Required work ▸ Nothing but the images is to be left out of your exact copy of the entries.

Data records:
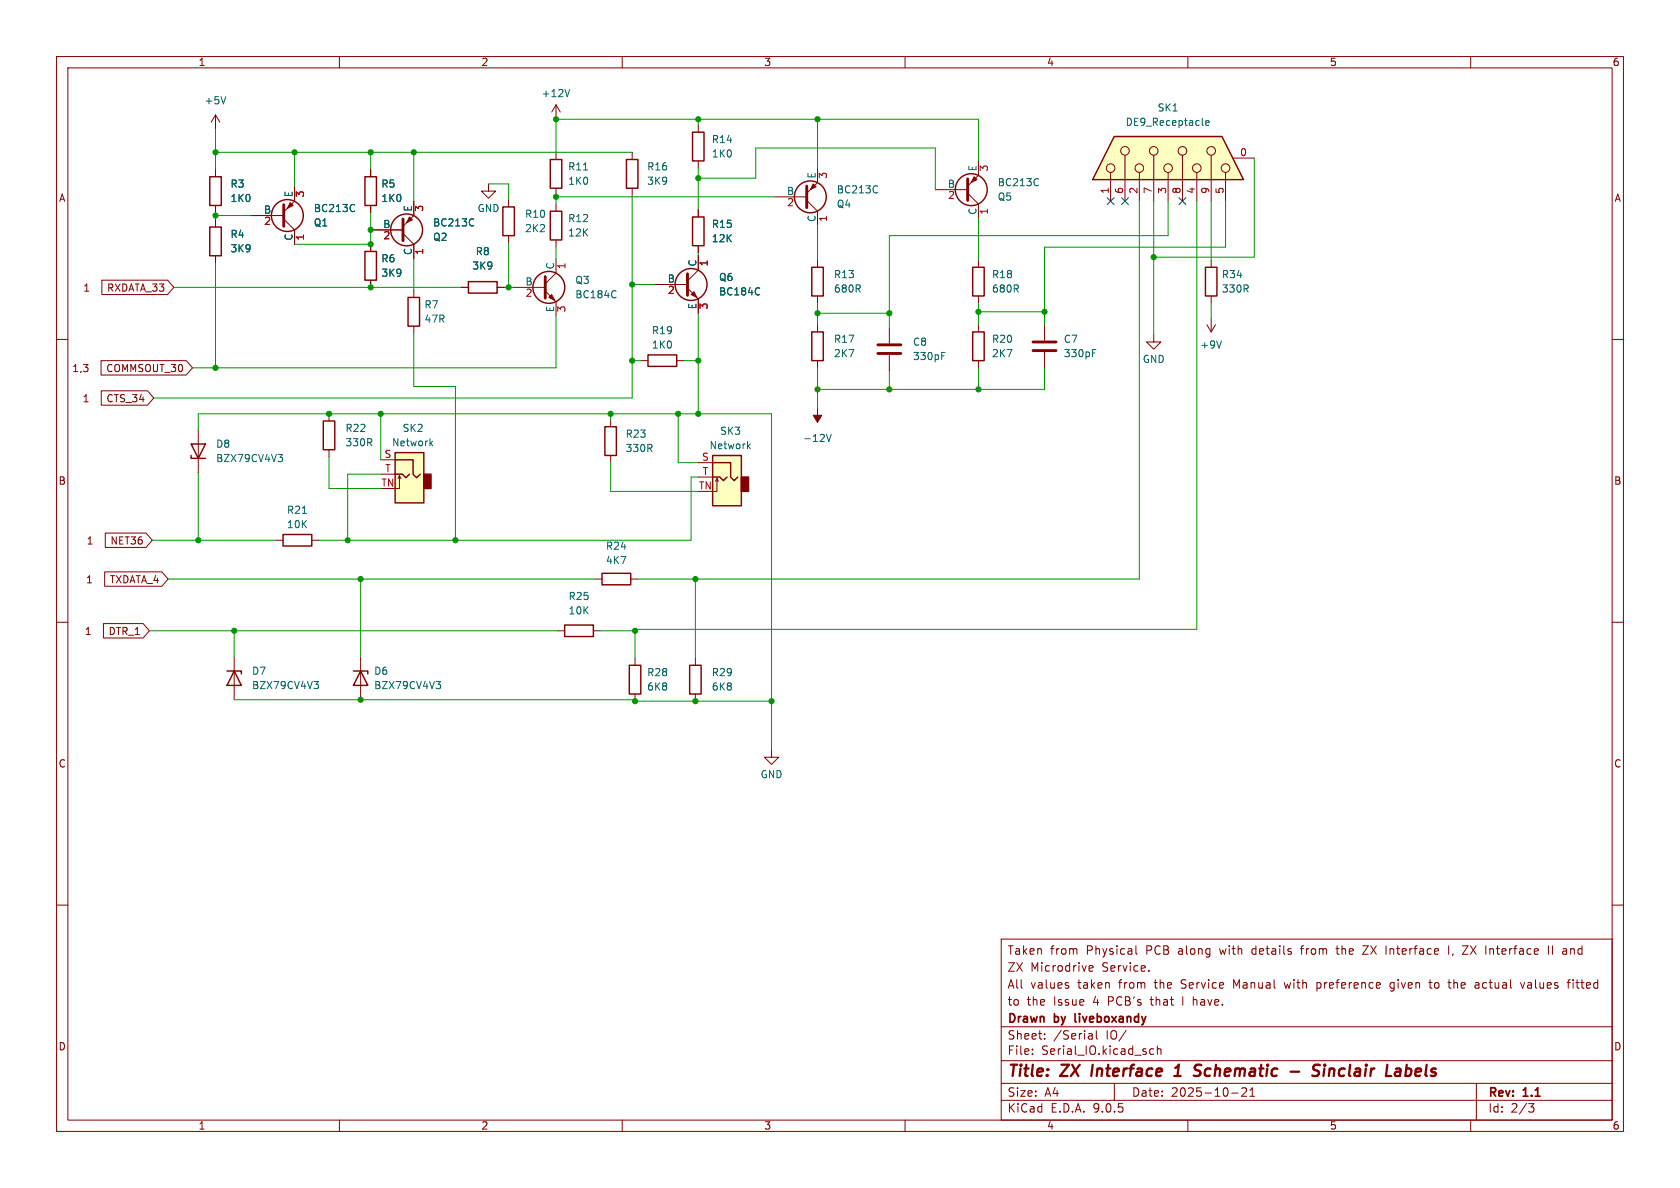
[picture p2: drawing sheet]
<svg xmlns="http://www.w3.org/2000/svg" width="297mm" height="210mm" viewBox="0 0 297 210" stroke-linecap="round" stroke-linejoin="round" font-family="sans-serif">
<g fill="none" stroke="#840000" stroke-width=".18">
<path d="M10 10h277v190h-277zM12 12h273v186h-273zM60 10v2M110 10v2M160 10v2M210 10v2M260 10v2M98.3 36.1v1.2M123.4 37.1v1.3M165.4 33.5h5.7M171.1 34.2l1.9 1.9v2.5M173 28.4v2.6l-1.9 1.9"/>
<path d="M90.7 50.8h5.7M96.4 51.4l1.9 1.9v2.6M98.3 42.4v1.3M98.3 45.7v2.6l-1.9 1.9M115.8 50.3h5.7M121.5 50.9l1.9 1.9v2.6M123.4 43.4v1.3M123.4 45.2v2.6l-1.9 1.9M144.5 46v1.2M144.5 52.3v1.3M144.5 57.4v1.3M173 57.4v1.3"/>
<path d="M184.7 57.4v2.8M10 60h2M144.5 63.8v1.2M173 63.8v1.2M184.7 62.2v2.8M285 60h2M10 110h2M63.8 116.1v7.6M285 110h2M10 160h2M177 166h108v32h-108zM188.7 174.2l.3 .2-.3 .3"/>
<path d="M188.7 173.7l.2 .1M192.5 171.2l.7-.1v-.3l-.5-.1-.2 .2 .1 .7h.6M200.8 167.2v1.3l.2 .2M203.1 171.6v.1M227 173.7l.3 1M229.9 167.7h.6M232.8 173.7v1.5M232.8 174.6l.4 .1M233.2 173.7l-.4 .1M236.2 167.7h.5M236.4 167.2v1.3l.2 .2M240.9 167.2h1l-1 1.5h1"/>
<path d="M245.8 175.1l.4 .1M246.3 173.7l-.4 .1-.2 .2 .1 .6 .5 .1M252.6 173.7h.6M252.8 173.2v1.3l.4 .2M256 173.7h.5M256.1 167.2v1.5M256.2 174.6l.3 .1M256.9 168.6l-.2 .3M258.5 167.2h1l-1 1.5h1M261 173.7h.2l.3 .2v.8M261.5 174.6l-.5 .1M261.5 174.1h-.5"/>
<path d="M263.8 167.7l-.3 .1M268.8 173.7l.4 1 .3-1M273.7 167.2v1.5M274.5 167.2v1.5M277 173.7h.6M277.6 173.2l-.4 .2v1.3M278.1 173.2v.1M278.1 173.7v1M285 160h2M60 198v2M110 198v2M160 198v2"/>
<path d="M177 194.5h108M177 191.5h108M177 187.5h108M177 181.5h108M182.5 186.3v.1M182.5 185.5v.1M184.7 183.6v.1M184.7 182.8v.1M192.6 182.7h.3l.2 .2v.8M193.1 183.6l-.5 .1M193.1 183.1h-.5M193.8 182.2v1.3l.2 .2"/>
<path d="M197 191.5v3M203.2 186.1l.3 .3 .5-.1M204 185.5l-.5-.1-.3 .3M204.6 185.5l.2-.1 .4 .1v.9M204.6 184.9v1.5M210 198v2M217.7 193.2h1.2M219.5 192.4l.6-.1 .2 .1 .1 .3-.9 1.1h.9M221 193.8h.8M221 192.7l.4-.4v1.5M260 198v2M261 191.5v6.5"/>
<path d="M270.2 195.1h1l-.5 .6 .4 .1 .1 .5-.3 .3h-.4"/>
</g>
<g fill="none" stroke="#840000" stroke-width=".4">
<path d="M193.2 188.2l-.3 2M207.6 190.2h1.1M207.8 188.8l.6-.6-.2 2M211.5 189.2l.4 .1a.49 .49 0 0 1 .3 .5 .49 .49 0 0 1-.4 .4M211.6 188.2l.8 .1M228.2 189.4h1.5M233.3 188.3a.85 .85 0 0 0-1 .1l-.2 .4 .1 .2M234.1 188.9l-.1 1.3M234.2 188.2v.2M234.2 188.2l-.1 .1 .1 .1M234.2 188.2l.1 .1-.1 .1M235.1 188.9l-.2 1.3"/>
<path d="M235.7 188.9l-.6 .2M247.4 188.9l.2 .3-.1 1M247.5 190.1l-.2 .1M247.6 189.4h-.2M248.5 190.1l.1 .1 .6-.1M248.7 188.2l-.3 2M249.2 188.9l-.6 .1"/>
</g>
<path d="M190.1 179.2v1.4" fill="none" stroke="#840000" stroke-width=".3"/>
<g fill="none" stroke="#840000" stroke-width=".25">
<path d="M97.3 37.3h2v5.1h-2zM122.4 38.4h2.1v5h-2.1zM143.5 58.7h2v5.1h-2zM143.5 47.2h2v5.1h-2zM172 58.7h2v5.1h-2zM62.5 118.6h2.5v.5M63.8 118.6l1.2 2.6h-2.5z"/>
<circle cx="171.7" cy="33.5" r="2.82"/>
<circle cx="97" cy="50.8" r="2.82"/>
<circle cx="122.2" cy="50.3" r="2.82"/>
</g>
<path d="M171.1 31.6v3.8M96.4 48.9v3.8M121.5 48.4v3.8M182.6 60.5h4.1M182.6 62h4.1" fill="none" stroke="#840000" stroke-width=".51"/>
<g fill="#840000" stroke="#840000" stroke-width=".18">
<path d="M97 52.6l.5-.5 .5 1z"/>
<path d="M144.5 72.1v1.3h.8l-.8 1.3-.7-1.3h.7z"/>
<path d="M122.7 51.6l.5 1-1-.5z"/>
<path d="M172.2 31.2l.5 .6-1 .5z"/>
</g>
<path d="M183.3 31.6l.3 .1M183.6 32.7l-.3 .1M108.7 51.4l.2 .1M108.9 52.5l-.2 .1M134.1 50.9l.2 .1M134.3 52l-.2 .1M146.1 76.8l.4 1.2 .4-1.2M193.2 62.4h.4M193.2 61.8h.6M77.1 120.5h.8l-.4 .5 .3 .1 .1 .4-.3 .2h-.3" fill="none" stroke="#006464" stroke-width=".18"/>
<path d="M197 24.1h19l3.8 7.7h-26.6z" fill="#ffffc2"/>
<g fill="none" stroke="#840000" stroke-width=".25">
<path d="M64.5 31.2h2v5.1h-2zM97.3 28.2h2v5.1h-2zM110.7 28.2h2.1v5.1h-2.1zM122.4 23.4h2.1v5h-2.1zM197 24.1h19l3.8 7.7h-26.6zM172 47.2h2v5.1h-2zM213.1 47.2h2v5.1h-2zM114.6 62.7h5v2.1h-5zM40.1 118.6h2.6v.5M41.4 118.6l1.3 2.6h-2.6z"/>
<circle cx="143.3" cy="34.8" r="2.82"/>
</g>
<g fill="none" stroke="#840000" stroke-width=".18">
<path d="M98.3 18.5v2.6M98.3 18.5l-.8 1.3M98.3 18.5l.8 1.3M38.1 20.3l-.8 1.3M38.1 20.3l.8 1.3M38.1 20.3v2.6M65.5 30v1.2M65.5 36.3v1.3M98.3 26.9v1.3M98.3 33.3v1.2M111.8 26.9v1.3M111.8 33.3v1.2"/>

Answer section ▸
[picture p2: drawing sheet]
<svg xmlns="http://www.w3.org/2000/svg" width="297mm" height="210mm" viewBox="0 0 297 210" stroke-linecap="round" stroke-linejoin="round" font-family="sans-serif">
<g fill="none" stroke="#840000" stroke-width=".18">
<path d="M10 10h277v190h-277zM12 12h273v186h-273zM60 10v2M110 10v2M160 10v2M210 10v2M260 10v2M98.3 36.1v1.2M123.4 37.1v1.3M165.4 33.5h5.7M171.1 34.2l1.9 1.9v2.5M173 28.4v2.6l-1.9 1.9"/>
<path d="M90.7 50.8h5.7M96.4 51.4l1.9 1.9v2.6M98.3 42.4v1.3M98.3 45.7v2.6l-1.9 1.9M115.8 50.3h5.7M121.5 50.9l1.9 1.9v2.6M123.4 43.4v1.3M123.4 45.2v2.6l-1.9 1.9M144.5 46v1.2M144.5 52.3v1.3M144.5 57.4v1.3M173 57.4v1.3"/>
<path d="M184.7 57.4v2.8M10 60h2M144.5 63.8v1.2M173 63.8v1.2M184.7 62.2v2.8M285 60h2M10 110h2M63.8 116.1v7.6M285 110h2M10 160h2M177 166h108v32h-108zM188.7 174.2l.3 .2-.3 .3"/>
<path d="M188.7 173.7l.2 .1M192.5 171.2l.7-.1v-.3l-.5-.1-.2 .2 .1 .7h.6M200.8 167.2v1.3l.2 .2M203.1 171.6v.1M227 173.7l.3 1M229.9 167.7h.6M232.8 173.7v1.5M232.8 174.6l.4 .1M233.2 173.7l-.4 .1M236.2 167.7h.5M236.4 167.2v1.3l.2 .2M240.9 167.2h1l-1 1.5h1"/>
<path d="M245.8 175.1l.4 .1M246.3 173.7l-.4 .1-.2 .2 .1 .6 .5 .1M252.6 173.7h.6M252.8 173.2v1.3l.4 .2M256 173.7h.5M256.1 167.2v1.5M256.2 174.6l.3 .1M256.9 168.6l-.2 .3M258.5 167.2h1l-1 1.5h1M261 173.7h.2l.3 .2v.8M261.5 174.6l-.5 .1M261.5 174.1h-.5"/>
<path d="M263.8 167.7l-.3 .1M268.8 173.7l.4 1 .3-1M273.7 167.2v1.5M274.5 167.2v1.5M277 173.7h.6M277.6 173.2l-.4 .2v1.3M278.1 173.2v.1M278.1 173.7v1M285 160h2M60 198v2M110 198v2M160 198v2"/>
<path d="M177 194.5h108M177 191.5h108M177 187.5h108M177 181.5h108M182.5 186.3v.1M182.5 185.5v.1M184.7 183.6v.1M184.7 182.8v.1M192.6 182.7h.3l.2 .2v.8M193.1 183.6l-.5 .1M193.1 183.1h-.5M193.8 182.2v1.3l.2 .2"/>
<path d="M197 191.5v3M203.2 186.1l.3 .3 .5-.1M204 185.5l-.5-.1-.3 .3M204.6 185.5l.2-.1 .4 .1v.9M204.6 184.9v1.5M210 198v2M217.7 193.2h1.2M219.5 192.4l.6-.1 .2 .1 .1 .3-.9 1.1h.9M221 193.8h.8M221 192.7l.4-.4v1.5M260 198v2M261 191.5v6.5"/>
<path d="M270.2 195.1h1l-.5 .6 .4 .1 .1 .5-.3 .3h-.4"/>
</g>
<g fill="none" stroke="#840000" stroke-width=".4">
<path d="M193.2 188.2l-.3 2M207.6 190.2h1.1M207.8 188.8l.6-.6-.2 2M211.5 189.2l.4 .1a.49 .49 0 0 1 .3 .5 .49 .49 0 0 1-.4 .4M211.6 188.2l.8 .1M228.2 189.4h1.5M233.3 188.3a.85 .85 0 0 0-1 .1l-.2 .4 .1 .2M234.1 188.9l-.1 1.3M234.2 188.2v.2M234.2 188.2l-.1 .1 .1 .1M234.2 188.2l.1 .1-.1 .1M235.1 188.9l-.2 1.3"/>
<path d="M235.7 188.9l-.6 .2M247.4 188.9l.2 .3-.1 1M247.5 190.1l-.2 .1M247.6 189.4h-.2M248.5 190.1l.1 .1 .6-.1M248.7 188.2l-.3 2M249.2 188.9l-.6 .1"/>
</g>
<path d="M190.1 179.2v1.4" fill="none" stroke="#840000" stroke-width=".3"/>
<g fill="none" stroke="#840000" stroke-width=".25">
<path d="M97.3 37.3h2v5.1h-2zM122.4 38.4h2.1v5h-2.1zM143.5 58.7h2v5.1h-2zM143.5 47.2h2v5.1h-2zM172 58.7h2v5.1h-2zM62.5 118.6h2.5v.5M63.8 118.6l1.2 2.6h-2.5z"/>
<circle cx="171.7" cy="33.5" r="2.82"/>
<circle cx="97" cy="50.8" r="2.82"/>
<circle cx="122.2" cy="50.3" r="2.82"/>
</g>
<path d="M171.1 31.6v3.8M96.4 48.9v3.8M121.5 48.4v3.8M182.6 60.5h4.1M182.6 62h4.1" fill="none" stroke="#840000" stroke-width=".51"/>
<g fill="#840000" stroke="#840000" stroke-width=".18">
<path d="M97 52.6l.5-.5 .5 1z"/>
<path d="M144.5 72.1v1.3h.8l-.8 1.3-.7-1.3h.7z"/>
<path d="M122.7 51.6l.5 1-1-.5z"/>
<path d="M172.2 31.2l.5 .6-1 .5z"/>
</g>
<path d="M183.3 31.6l.3 .1M183.6 32.7l-.3 .1M108.7 51.4l.2 .1M108.9 52.5l-.2 .1M134.1 50.9l.2 .1M134.3 52l-.2 .1M146.1 76.8l.4 1.2 .4-1.2M193.2 62.4h.4M193.2 61.8h.6M77.1 120.5h.8l-.4 .5 .3 .1 .1 .4-.3 .2h-.3" fill="none" stroke="#006464" stroke-width=".18"/>
<path d="M197 24.1h19l3.8 7.7h-26.6z" fill="#ffffc2"/>
<g fill="none" stroke="#840000" stroke-width=".25">
<path d="M64.5 31.2h2v5.1h-2zM97.3 28.2h2v5.1h-2zM110.7 28.2h2.1v5.1h-2.1zM122.4 23.4h2.1v5h-2.1zM197 24.1h19l3.8 7.7h-26.6zM172 47.2h2v5.1h-2zM213.1 47.2h2v5.1h-2zM114.6 62.7h5v2.1h-5zM40.1 118.6h2.6v.5M41.4 118.6l1.3 2.6h-2.6z"/>
<circle cx="143.3" cy="34.8" r="2.82"/>
</g>
<g fill="none" stroke="#840000" stroke-width=".18">
<path d="M98.3 18.5v2.6M98.3 18.5l-.8 1.3M98.3 18.5l.8 1.3M38.1 20.3l-.8 1.3M38.1 20.3l.8 1.3M38.1 20.3v2.6M65.5 30v1.2M65.5 36.3v1.3M98.3 26.9v1.3M98.3 33.3v1.2M111.8 26.9v1.3M111.8 33.3v1.2"/>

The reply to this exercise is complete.